Я прижала руку к груди, пытаясь подавить рвущиеся наружу рыдания.
– Ты читаешь мои мысли, – сказал он, опустив глаза в пол. – Тимор был не очень-то добр ко мне большую часть моей жизни. Каждый день я ловлю себя на том, как разочаровываюсь в обществе все больше и больше, но эти недели с тобой всколыхнули что-то во мне, и теперь я ничего не понимаю. Твоя любовь к этой земле и ее людям – коренным людям, – я не знаю, почему меня это волнует, но это так, и это только твоя заслуга. У меня не хватает слов для тебя.
– Тебя послушать, так я какая-то великая фигура.
– А разве нет?
– Я трусиха. Спряталась здесь, плачу. А должна уже выбрать, использовать свой голос или нет, и стоять на своем до последнего.
Легион прищурился и выпрямился.
– Да уж. Ты могла бы делать каждый свой выбор смело и уверенно, но тогда я бы начал опасаться, что ты не человек.
Я рассмеялась некрасивым булькающим смехом. Легион усмехнулся в ответ.
– Однажды мне сказали, что с каждым решением, над которым мы мысленно бьемся, с каждым последствием, которое взвешиваем, мы обретаем веру в наш окончательный выбор. Нам нужно время, чтобы понять, кто мы, но когда мы выбираем себя и свой путь, мы защищаем свой выбор до последней капли крови.
– Кто тебе это сказал? Мне нравится.
Над бровью Легиона собралась морщинка.
– Вообще-то, если задуматься, я не помню.
Я вздохнула и посмотрела вверх, на балки куполообразного потолка.
– Если честно, меня заставляют плакать не только казни, подпольщики и жестокие короли. Можешь считать меня дурой, я ведь всегда знала, что это случится, но скоро закроются торги, и, похоже, мой выбор, хороший или плохой, больше моим не будет.
– Ты знаешь, что король приказал мне определиться, – хрипло произнес он.
– Да. Он сказал мне перед охотой.
– Это не должно было случиться так быстро. И как мне это сделать?
В его голосе слышалась грусть. Я потянулась к нему, хотя вряд ли мой жест сочувствия мог ему помочь, если я продолжала плакать. Я заставила себя криво улыбнуться.
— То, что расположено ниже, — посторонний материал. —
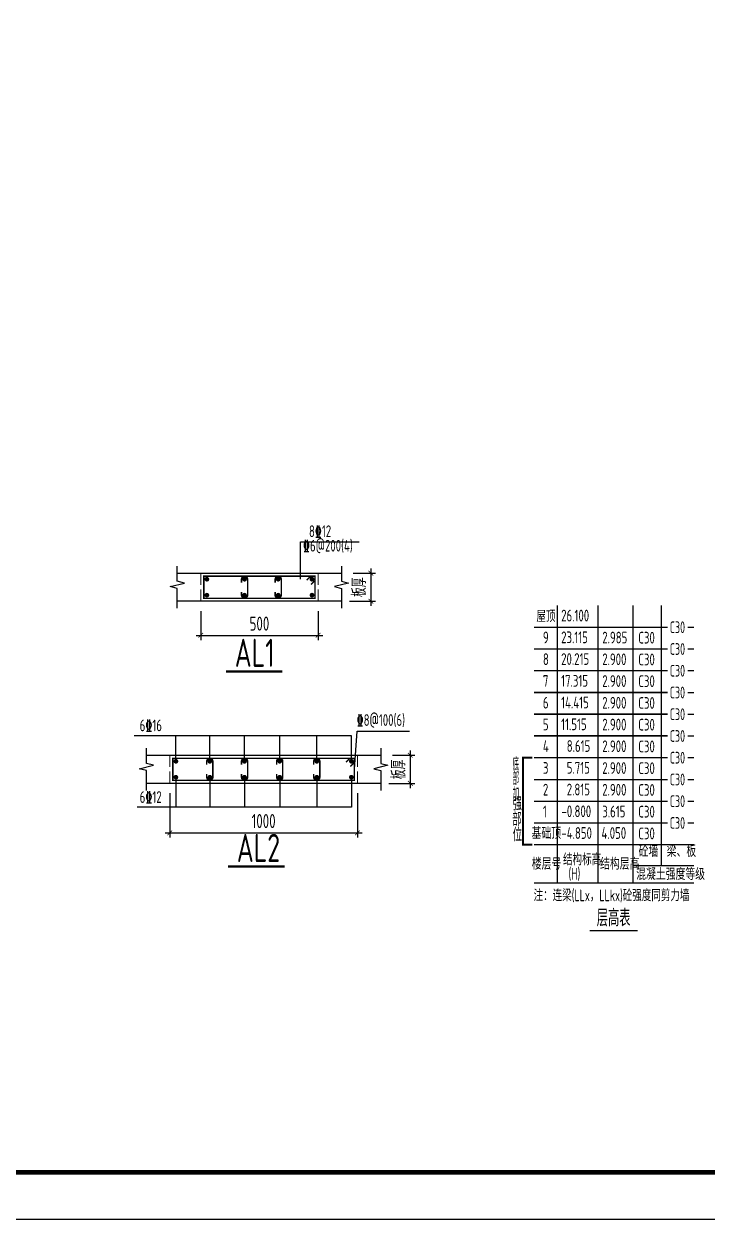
# Model space of a CAD drawing. Extents: x -655480 to 203344, y -294099 to 287156.
# Drawn here: x -150325 to -135761, y -40342 to -14866 of the extents above; entities that cross this region are included whole.
import ezdxf
from ezdxf.enums import TextEntityAlignment as Align

# ---------------------------------------------------------------- set-up
doc = ezdxf.new("R2010")
doc.units = 0
doc.header["$LTSCALE"] = 1000
doc.linetypes.add('DASH', pattern=[0.35, 0.25, -0.1])
doc.layers.get('0').update_dxf_attribs({"linetype": 'CONTINUOUS'})
doc.layers.get('DEFPOINTS').update_dxf_attribs({"linetype": 'CONTINUOUS'})
for name, color, linetype in [('-TK', 7, 'CONTINUOUS'), ('AXIS', 3, 'CONTINUOUS'), ('BEAM_DE', 7, 'CONTINUOUS'), ('NUM', 7, 'CONTINUOUS'), ('REIN', 6, 'CONTINUOUS'), ('S-0-TEXT', 7, 'CONTINUOUS'), ('S-B表格', 2, 'CONTINUOUS'), ('TEXT', 2, 'CONTINUOUS'), ('THIN', 7, 'CONTINUOUS'), ('大样详图_文字', 60, 'CONTINUOUS')]:
    doc.layers.add(name, color=color, linetype=linetype)
for name, color, linetype, lineweight in [('7549', 9, 'CONTINUOUS', 18), ('S-REIN', 12, 'CONTINUOUS', 50), ('S-Thin-D', 7, 'DASH', 18)]:
    doc.layers.add(name, color=color, linetype=linetype, lineweight=lineweight)
doc.styles.add('TSSD_DIMENSION', font='Tssdeng.shx', dxfattribs={"width": 0.7, "bigfont": 'tssdchn.shx'})
doc.styles.add('TSSD_Norm', font='Tssdeng.shx', dxfattribs={"bigfont": 'tssdchn.shx'})
doc.styles.add('TSSD_REIN', font='tssdeng.shx', dxfattribs={"width": 0.7, "height": 300, "bigfont": 'tssdchn.shx'})
doc.dimstyles.new('TSSD_25_100', dxfattribs={"dimtxt": 300, "dimasz": 100, "dimexe": 100, "dimexo": 250, "dimgap": 100, "dimtad": 1, "dimdec": 0, "dimlfac": 0.25, "dimzin": 0, "dimdsep": 46, "dimtxsty": 'TSSD_DIMENSION', "dimblk": 'ARCHTICK', "dimcen": 0, "dimdle": 100, "dimclrt": 7, "dimadec": 0, "dimazin": 0, "dimtfac": 1, "dimtdec": 0, "dimtix": 1, "dimtmove": 2, "dimatfit": 3, "dimldrblk": 'ARCHTICK', "dimfxl": 1, "dimtolj": 1, "dimtzin": 0, "dimarcsym": 0})

# ---------------------------------------------------------------- blocks, each defined once
blk = doc.blocks.new('B20200424131938')
at = {"layer": '7549', "const_width": 40}
blk.add_lwpolyline([(417, 3688), (217, 3688), (217, 1834), (417, 1834)], dxfattribs=at)
at = {"layer": 'S-0-TEXT'}
blk.add_lwpolyline([(1641, 0, 27, 27, 0), (2658, 0, 0, 0, 0)], format="xyseb", dxfattribs=at)
at = {"layer": 'S-B表格'}
for p, q in [((952, 1021), (952, 6932)), ((1817, 1021), (1817, 6932)), ((2567, 1021), (2567, 6932)), ((3167, 1385), (3167, 6932)), ((452, 6469), (3167, 6469)), ((452, 6469), (3167, 6469)), ((3167, 6469), (3298, 6469)), ((3167, 6469), (3298, 6469)), ((3167, 6469), (3298, 6469)), ((3731, 6469), (3862, 6469)), ((3731, 6469), (3862, 6469)), ((3731, 6469), (3862, 6469)), ((452, 6005), (3167, 6005)), ((452, 6005), (3167, 6005)), ((3167, 6005), (3298, 6005)), ((3167, 6005), (3298, 6005)), ((3167, 6005), (3298, 6005)), ((3731, 6005), (3862, 6005)), ((3731, 6005), (3862, 6005)), ((3731, 6005), (3862, 6005)), ((452, 5542), (3167, 5542)), ((452, 5542), (3167, 5542)), ((3167, 5542), (3298, 5542)), ((3167, 5542), (3298, 5542)), ((3167, 5542), (3298, 5542)), ((3731, 5542), (3862, 5542)), ((3731, 5542), (3862, 5542)), ((3731, 5542), (3862, 5542)), ((452, 5078), (3167, 5078)), ((452, 5078), (3167, 5078)), ((3167, 5078), (3298, 5078)), ((3167, 5078), (3298, 5078)), ((3167, 5078), (3298, 5078)), ((3731, 5078), (3862, 5078)), ((3731, 5078), (3862, 5078)), ((3731, 5078), (3862, 5078)), ((452, 4615), (3167, 4615)), ((3167, 4615), (3298, 4615)), ((3731, 4615), (3862, 4615)), ((452, 4151), (3167, 4151)), ((3167, 4151), (3298, 4151)), ((3731, 4151), (3862, 4151)), ((452, 3688), (3167, 3688)), ((3167, 3688), (3298, 3688)), ((3731, 3688), (3862, 3688)), ((452, 3224), (3167, 3224)), ((3167, 3224), (3298, 3224)), ((3731, 3224), (3862, 3224)), ((452, 2761), (3167, 2761)), ((3167, 2761), (3298, 2761)), ((3731, 2761), (3862, 2761)), ((452, 2297), (3167, 2297)), ((3167, 2297), (3298, 2297)), ((3731, 2297), (3862, 2297)), ((452, 1834), (3167, 1834)), ((452, 1834), (3862, 1834)), ((452, 1834), (2854, 1834)), ((452, 1834), (2854, 1834)), ((2567, 1385), (3862, 1385)), ((452, 1021), (3862, 1021))]:
    blk.add_line(p, q, dxfattribs=at)
at = {"style": 'TSSD_REIN'}
for s, width, p, p2 in [('底', 0.535575, (-3, 3408), (134, 3408)), ('部', 0.530918, (-3, 3100), (134, 3100)), ('加', 0.526341, (-3, 2774), (134, 2774))]:
    blk.add_text(s, height=285, dxfattribs=dict(at, width=width)).set_placement(p, p2, align=Align.FIT)
for s, height, width, p in [('强', 285, 0.535575, (-3, 2477)), ('部', 285, 0.535575, (-13, 2146)), ('位', 285, 0.535575, (-3, 1820)), ('砼墙', 250, 0.7, (2681, 1495)), ('梁、板', 250, 0.7, (3279, 1495))]:
    blk.add_text(s, height=height, dxfattribs=dict(at, width=width)).set_placement(p, align=Align.BOTTOM_LEFT)
for s, width, p in [('楼层号', 0.7, (405, 1299)), ('结构标高', 0.65, (1070, 1392)), ('结构层高', 0.7, (1860, 1299)), ('(H)', 0.65, (1188, 1086)), ('混凝土强度等级', 0.7, (2629, 1080))]:
    blk.add_text(s, height=250, dxfattribs=dict(at, width=width)).set_placement(p)
at = {"layer": 'S-0-TEXT', "style": 'TSSD_REIN', "width": 0.7}
blk.add_text('层高表', height=360, dxfattribs=at).set_placement((1790, 90))
at = {"layer": 'S-B表格', "style": 'TSSD_REIN'}
for s, width, p in [('屋顶', 0.65, (503, 6575)), ('26.100', 0.7, (1031, 6590)), ('9', 0.7, (642, 6123)), ('23.115', 0.7, (1031, 6126)), ('2.985', 0.7, (1907, 6121)), ('C30', 0.65, (3345, 6341)), ('C30', 0.7, (2675, 6118)), ('C30', 0.65, (3345, 5877)), ('8', 0.7, (642, 5660)), ('20.215', 0.7, (1031, 5663)), ('2.900', 0.7, (1907, 5658)), ('C30', 0.7, (2675, 5654)), ('C30', 0.65, (3345, 5414)), ('7', 0.7, (642, 5196)), ('17.315', 0.7, (1031, 5199)), ('2.900', 0.7, (1907, 5194)), ('C30', 0.7, (2675, 5191)), ('C30', 0.65, (3345, 4950)), ('6', 0.7, (642, 4733)), ('14.415', 0.7, (1031, 4736)), ('2.900', 0.7, (1907, 4731)), ('C30', 0.7, (2675, 4727)), ('C30', 0.65, (3345, 4487)), ('5', 0.7, (642, 4269)), ('11.515', 0.7, (1031, 4272)), ('2.900', 0.7, (1907, 4267)), ('C30', 0.7, (2675, 4264)), ('C30', 0.65, (3345, 4023)), ('4', 0.7, (642, 3806)), ('8.615', 0.7, (1150, 3809)), ('2.900', 0.7, (1907, 3804)), ('C30', 0.7, (2675, 3800)), ('3', 0.7, (642, 3342)), ('5.715', 0.7, (1150, 3345)), ('2.900', 0.7, (1907, 3340)), ('C30', 0.7, (2675, 3337)), ('C30', 0.65, (3345, 3560)), ('C30', 0.65, (3345, 3096)), ('2', 0.7, (642, 2879)), ('2.815', 0.7, (1150, 2882)), ('2.900', 0.7, (1907, 2877)), ('C30', 0.7, (2675, 2873)), ('C30', 0.65, (3345, 2633)), ('1', 0.7, (642, 2415)), ('-0.800', 0.7, (1038, 2418)), ('3.615', 0.7, (1907, 2413)), ('C30', 0.7, (2675, 2410)), ('C30', 0.65, (3345, 2169)), ('基础顶', 0.7, (400, 1951)), ('-4.850', 0.7, (1036, 1955)), ('4.050', 0.7, (1891, 1955)), ('C30', 0.7, (2675, 1946))]:
    blk.add_text(s, height=250, dxfattribs=dict(at, width=width)).set_placement(p)
at = {"layer": 'TEXT', "style": 'TSSD_REIN', "width": 0.65}
blk.add_text('注：连梁(LLx，LLkx)砼强度同剪力墙', height=250, dxfattribs=at).set_placement((443, 627))
blk = doc.blocks.new('_ArchTick')
at = {"color": 0, "linetype": 'ByBlock', "const_width": 0.15}
blk.add_lwpolyline([(-0.5, -0.5), (0.5, 0.5)], dxfattribs=at)
blk = doc.blocks.new('*D1334')
at = {"layer": 'AXIS', "color": 0, "lineweight": -2, "transparency": 16777216}
for p, q in [((-142928, -26473), (-142928, -27273)), ((-143304, -26573), (-142828, -26573)), ((-143385, -27173), (-142828, -27173))]:
    blk.add_line(p, q, dxfattribs=at)
at = {"layer": 'DEFPOINTS', "color": 0, "transparency": 16777216}
for p in [(-143554, -26573), (-143635, -27173), (-142928, -27173)]:
    blk.add_point(p, dxfattribs=at)
at = {"layer": 'AXIS', "color": 0, "lineweight": -2, "transparency": 16777216, "xscale": 100, "yscale": 100, "zscale": 100}
for p, rotation in [((-142928, -26573), 90), ((-142928, -27173), 270)]:
    blk.add_blockref('_ArchTick', p, dxfattribs=dict(at, rotation=rotation))
at = {"layer": 'AXIS', "color": 7, "transparency": 16777216, "insert": (-143178, -26873), "char_height": 300, "attachment_point": 5, "rotation": 90, "style": 'TSSD_DIMENSION'}
blk.add_mtext('\\A1;板厚', dxfattribs=at)
blk = doc.blocks.new('*D1335')
at = {"layer": 'AXIS', "color": 0, "lineweight": -2, "transparency": 16777216}
for p, q in [((-146554, -27383), (-146554, -27999)), ((-144054, -27383), (-144054, -27999)), ((-146654, -27899), (-143954, -27899))]:
    blk.add_line(p, q, dxfattribs=at)
at = {"layer": 'DEFPOINTS', "color": 0, "transparency": 16777216}
for p in [(-146554, -27133), (-144054, -27133), (-144054, -27899)]:
    blk.add_point(p, dxfattribs=at)
at = {"layer": 'AXIS', "color": 0, "lineweight": -2, "transparency": 16777216, "xscale": 100, "yscale": 100, "zscale": 100, "rotation": 180}
blk.add_blockref('_ArchTick', (-146554, -27899), dxfattribs=at)
at = {"layer": 'AXIS', "color": 0, "lineweight": -2, "transparency": 16777216, "xscale": 100, "yscale": 100, "zscale": 100}
blk.add_blockref('_ArchTick', (-144054, -27899), dxfattribs=at)
at = {"layer": 'AXIS', "color": 7, "transparency": 16777216, "insert": (-145304, -27649), "char_height": 300, "attachment_point": 5, "style": 'TSSD_DIMENSION'}
blk.add_mtext('\\A1;500', dxfattribs=at)
blk = doc.blocks.new('*D1336')
at = {"layer": 'AXIS', "color": 0, "lineweight": -2, "transparency": 16777216}
for p, q in [((-142465, -30454), (-141988, -30454)), ((-142088, -30354), (-142088, -31154)), ((-142546, -31054), (-141988, -31054))]:
    blk.add_line(p, q, dxfattribs=at)
at = {"layer": 'DEFPOINTS', "color": 0, "transparency": 16777216}
for p in [(-142715, -30454), (-142796, -31054), (-142088, -31054)]:
    blk.add_point(p, dxfattribs=at)
at = {"layer": 'AXIS', "color": 0, "lineweight": -2, "transparency": 16777216, "xscale": 100, "yscale": 100, "zscale": 100}
for p, rotation in [((-142088, -30454), 90), ((-142088, -31054), 270)]:
    blk.add_blockref('_ArchTick', p, dxfattribs=dict(at, rotation=rotation))
at = {"layer": 'AXIS', "color": 7, "transparency": 16777216, "insert": (-142338, -30754), "char_height": 300, "attachment_point": 5, "rotation": 90, "style": 'TSSD_DIMENSION'}
blk.add_mtext('\\A1;板厚', dxfattribs=at)
blk = doc.blocks.new('*D1337')
at = {"layer": 'AXIS', "color": 0, "lineweight": -2, "transparency": 16777216}
for p, q in [((-147215, -31264), (-147215, -32208)), ((-143215, -31264), (-143215, -32208)), ((-147315, -32108), (-143115, -32108))]:
    blk.add_line(p, q, dxfattribs=at)
at = {"layer": 'DEFPOINTS', "color": 0, "transparency": 16777216}
for p in [(-147215, -31014), (-143215, -31014), (-143215, -32108)]:
    blk.add_point(p, dxfattribs=at)
at = {"layer": 'AXIS', "color": 0, "lineweight": -2, "transparency": 16777216, "xscale": 100, "yscale": 100, "zscale": 100, "rotation": 180}
blk.add_blockref('_ArchTick', (-147215, -32108), dxfattribs=at)
at = {"layer": 'AXIS', "color": 0, "lineweight": -2, "transparency": 16777216, "xscale": 100, "yscale": 100, "zscale": 100}
blk.add_blockref('_ArchTick', (-143215, -32108), dxfattribs=at)
at = {"layer": 'AXIS', "color": 7, "transparency": 16777216, "insert": (-145215, -31858), "char_height": 300, "attachment_point": 5, "style": 'TSSD_DIMENSION'}
blk.add_mtext('\\A1;1000', dxfattribs=at)
blk = doc.blocks.new('A1')
blk.add_lwpolyline([(0, 59400), (0, 0), (84100, 0), (84100, 59400)], close=True)
at = {"const_width": 100}
blk.add_lwpolyline([(2500, 58400), (2500, 1000), (83100, 1000), (83100, 58400)], close=True, dxfattribs=at)

msp = doc.modelspace()

# ---------------------------------------------------------------- linework, layer by layer
at = {"layer": 'BEAM_DE'}
for p, q in [((-147054.03, -26572.78), (-143554.03, -26572.78)), ((-146554.03, -27172.78), (-147054.03, -27172.78)), ((-144054.03, -27172.78), (-146554.03, -27172.78)), ((-143554.03, -27172.78), (-144054.03, -27172.78)), ((-147714.52, -30453.53), (-142714.52, -30453.53)), ((-147214.52, -31053.53), (-147714.52, -31053.53)), ((-143214.52, -31053.53), (-147214.52, -31053.53)), ((-142714.52, -31053.53), (-143214.52, -31053.53))]:
    msp.add_line(p, q, dxfattribs=at)
at = {"layer": 'REIN', "const_width": 30}
for points in [[(-145686.03, -26972.78), (-145686.03, -27042.78, 1), (-145556.03, -27042.78), (-145556.03, -26702.78, 1), (-145686.03, -26702.78), (-145686.03, -26772.78)], [(-144969.03, -26972.78), (-144969.03, -27042.78, 1), (-144839.03, -27042.78), (-144839.03, -26702.78, 1), (-144969.03, -26702.78), (-144969.03, -26772.78)], [(-146426.52, -30853.53), (-146426.52, -30923.53, 1), (-146296.52, -30923.53), (-146296.52, -30583.53, 1), (-146426.52, -30583.53), (-146426.52, -30653.53)], [(-145686.02, -30853.53), (-145686.02, -30923.53, 1), (-145556.02, -30923.53), (-145556.02, -30583.53, 1), (-145686.02, -30583.53), (-145686.02, -30653.53)], [(-144936.52, -30853.53), (-144936.52, -30923.53, 1), (-144806.52, -30923.53), (-144806.52, -30583.53, 1), (-144936.52, -30583.53), (-144936.52, -30653.53)], [(-144146.35, -30853.53), (-144146.35, -30923.53, 1), (-144016.35, -30923.53), (-144016.35, -30583.53, 1), (-144146.35, -30583.53), (-144146.35, -30653.53)]]:
    msp.add_lwpolyline(points, format="xyb", dxfattribs=at)
at = {"layer": 'S-B表格', "color": 6, "linetype": 'ByBlock', "ltscale": 0.5, "const_width": 30}
for points in [[(-139451.16, -29114.45), (-136604.78, -29114.45)], [(-139451.16, -29577.95), (-136604.78, -29577.95)], [(-139451.16, -30041.45), (-136604.78, -30041.45)], [(-139451.16, -30504.95), (-136604.78, -30504.95)]]:
    msp.add_lwpolyline(points, dxfattribs=at)
at = {"layer": 'S-REIN', "const_width": 30}
for points in [[(-144119.03, -26637.78), (-144119.03, -27107.78), (-146489.03, -27107.78), (-146489.03, -26637.78), (-144119.03, -26637.78)], [(-144295.8, -26722.64), (-144210.95, -26637.78)], [(-144119.03, -26729.71), (-144203.88, -26814.56)], [(-143279.52, -30518.53), (-143279.52, -30988.53), (-147149.52, -30988.53), (-147149.52, -30518.53), (-143279.52, -30518.53)], [(-143456.3, -30603.38), (-143371.45, -30518.53)], [(-143279.52, -30610.45), (-143364.38, -30695.31)]]:
    msp.add_lwpolyline(points, dxfattribs=at)
at = {"layer": 'S-REIN', "const_width": 50}
for points in [[(-146449.03, -26702.78, 1), (-146399.03, -26702.78, 1)], [(-145646.03, -26702.78, 1), (-145596.03, -26702.78, 1)], [(-144929.03, -26702.78, 1), (-144879.03, -26702.78, 1)], [(-144209.03, -26702.78, 1), (-144159.03, -26702.78, 1)], [(-146449.03, -27042.78, 1), (-146399.03, -27042.78, 1)], [(-145646.03, -27042.78, 1), (-145596.03, -27042.78, 1)], [(-144929.03, -27042.78, 1), (-144879.03, -27042.78, 1)], [(-144209.03, -27042.78, 1), (-144159.03, -27042.78, 1)], [(-147109.52, -30583.53, 1), (-147059.52, -30583.53, 1)], [(-146386.52, -30583.53, 1), (-146336.52, -30583.53, 1)], [(-145646.02, -30583.53, 1), (-145596.02, -30583.53, 1)], [(-144896.52, -30583.53, 1), (-144846.52, -30583.53, 1)], [(-144106.35, -30583.53, 1), (-144056.35, -30583.53, 1)], [(-143369.52, -30583.53, 1), (-143319.52, -30583.53, 1)], [(-147109.52, -30923.53, 1), (-147059.52, -30923.53, 1)], [(-146386.52, -30923.53, 1), (-146336.52, -30923.53, 1)], [(-145646.02, -30923.53, 1), (-145596.02, -30923.53, 1)], [(-144896.52, -30923.53, 1), (-144846.52, -30923.53, 1)], [(-144106.35, -30923.53, 1), (-144056.35, -30923.53, 1)], [(-143369.52, -30923.53, 1), (-143319.52, -30923.53, 1)]]:
    msp.add_lwpolyline(points, format="xyb", close=True, dxfattribs=at)
at = {"layer": 'S-Thin-D'}
for p, q in [((-146554.03, -27172.78), (-146554.03, -26572.78)), ((-144054.03, -27172.78), (-144054.03, -26572.78)), ((-147214.52, -31053.53), (-147214.52, -30453.53)), ((-143214.52, -31053.53), (-143214.52, -30453.53))]:
    msp.add_line(p, q, dxfattribs=at)
at = {"layer": 'TEXT', "const_width": 50}
for points in [[(-146017.87, -28667.29), (-144812.47, -28667.29)], [(-145973.78, -32826.25), (-144768.38, -32826.25)]]:
    msp.add_lwpolyline(points, dxfattribs=at)
at = {"layer": 'THIN'}
for points in [[(-147054.03, -27322.78), (-147054.03, -26897.78), (-147204.03, -26860.28), (-146904.03, -26785.28), (-147054.03, -26747.78), (-147054.03, -26422.78)], [(-143554.03, -26422.78), (-143554.03, -26747.78), (-143404.03, -26785.28), (-143704.03, -26860.28), (-143554.03, -26897.78), (-143554.03, -27322.78)], [(-147714.52, -31203.53), (-147714.52, -30778.53), (-147864.52, -30741.03), (-147564.52, -30666.03), (-147714.52, -30628.53), (-147714.52, -30303.53)], [(-142714.52, -30303.53), (-142714.52, -30628.53), (-142564.52, -30666.03), (-142864.52, -30741.03), (-142714.52, -30778.53), (-142714.52, -31203.53)]]:
    msp.add_lwpolyline(points, dxfattribs=at)
at = {"layer": '大样详图_文字'}
for p, q in [((-144426.82, -25902.78), (-143180.82, -25902.78)), ((-144426.82, -26702.78), (-144426.82, -25902.78)), ((-143344.52, -30038.31), (-147975.41, -30038.31)), ((-147084.52, -30583.53), (-147084.52, -30038.31)), ((-146361.52, -30583.53), (-146361.52, -30038.31)), ((-145621.02, -30583.53), (-145621.02, -30038.31)), ((-144871.52, -30583.53), (-144871.52, -30038.31)), ((-144081.35, -30583.53), (-144081.35, -30038.31)), ((-143344.52, -30583.53), (-143344.52, -30038.31)), ((-143279.52, -30753.53), (-143221.41, -29940.31)), ((-143221.41, -29940.31), (-142105.91, -29940.31)), ((-147084.52, -30923.53), (-147084.52, -31559.31)), ((-146361.52, -30923.53), (-146361.52, -31559.31)), ((-145621.02, -30923.53), (-145621.02, -31559.31)), ((-144871.52, -30923.53), (-144871.52, -31559.31)), ((-144081.35, -30923.53), (-144081.35, -31559.31)), ((-143344.52, -30923.53), (-143344.52, -31559.31)), ((-143344.52, -31559.31), (-147908.41, -31559.31))]:
    msp.add_line(p, q, dxfattribs=at)

# ---------------------------------------------------------------- block references
at = {"layer": '-TK'}
msp.add_blockref('A1', (-206460.15, -40341.64), dxfattribs=at)
at = {"layer": 'S-B表格'}
msp.add_blockref('B20200424131938', (-139902.79, -34192.54), dxfattribs=at)

# ---------------------------------------------------------------- texts
at = {"layer": 'NUM', "style": 'TSSD_Norm', "width": 0.7}
for s, p in [('AL1', (-145829.84, -28571.45)), ('AL2', (-145785.75, -32730.41))]:
    msp.add_text(s, height=600, dxfattribs=at).set_placement(p)
at = {"layer": '大样详图_文字', "style": 'TSSD_REIN', "width": 0.7}
for s, p in [('8\x8412', (-144248.44, -25879.52)), ('%%1326@200(4)', (-144375.68, -26188.3)), ('%%1328@100(6)', (-143232.19, -29904.82)), ('6%%13216', (-147856.46, -30018.44))]:
    msp.add_text(s, height=250, dxfattribs=at).set_placement(p, align=Align.BOTTOM_LEFT)
at = {"layer": '大样详图_文字', "color": 1, "style": 'TSSD_REIN', "width": 0.7}
msp.add_text('6%%13212', height=250, dxfattribs=at).set_placement((-147856.46, -31545.94), align=Align.BOTTOM_LEFT)

# ---------------------------------------------------------------- dimensions: what is measured, and where the dimension line sits
at = {"layer": 'AXIS'}
for base, p1, p2, picture, middle in [((-142927.98, -27172.78), (-143554.03, -26572.78), (-143635.21, -27172.78), '*D1334', (-143177.98, -26872.78)), ((-142088.48, -31053.53), (-142714.52, -30453.53), (-142795.7, -31053.53), '*D1336', (-142338.48, -30753.53))]:
    dim = msp.add_linear_dim(base=base, p1=p1, p2=p2, angle=90, text='板厚', dimstyle='TSSD_25_100', dxfattribs=at)
    dim.commit()
    dim.dimension.update_dxf_attribs({"geometry": picture, "text_midpoint": middle})
dim = msp.add_linear_dim(base=(-144054.03, -27898.54), p1=(-146554.03, -27133.04), p2=(-144054.03, -27133.04), text='500', dimstyle='TSSD_25_100', dxfattribs=at)
dim.commit()
dim.dimension.update_dxf_attribs({"geometry": '*D1335', "text_midpoint": (-145304.03, -27648.54)})
dim = msp.add_linear_dim(base=(-143214.52, -32107.79), p1=(-147214.52, -31013.79), p2=(-143214.52, -31013.79), dimstyle='TSSD_25_100', dxfattribs=at)
dim.commit()
dim.dimension.update_dxf_attribs({"geometry": '*D1337', "text_midpoint": (-145214.52, -31857.79)})

doc.saveas('drawing.dxf')

– Как ты собирался это сделать, когда только приехал?
– Это сложный вопрос. Все слишком изменилось с тех пор.
– Оу, – улыбка растянула пылающие щеки. – Неужели?
Легион улыбнулся в ответ и провел рукой по моей шее. Я не обманывала его, прикидываясь скромницей. Он наклонился ближе, и наши носы соприкоснулись. Легион запустил пальцы в мои волосы.
– Я спрашиваю, как мне отдать тебя какому-то дураку, потому что правда не знаю как. Как я могу выполнять свой долг, когда сердце пылает желанием заполучить тебя для себя?
Я хотела заговорить. Слова не шли, но признание Легиона требовало ответа.
Он прижал палец к моим губам. Его взгляд сломил меня, заставил покориться его милости. У меня было достаточно времени, чтобы отстраниться, достаточно, чтобы остановить его, и достаточно, чтобы признать, что я никогда его не остановлю, даже если так будет тысячу раз нужно.
Легион поцеловал меня.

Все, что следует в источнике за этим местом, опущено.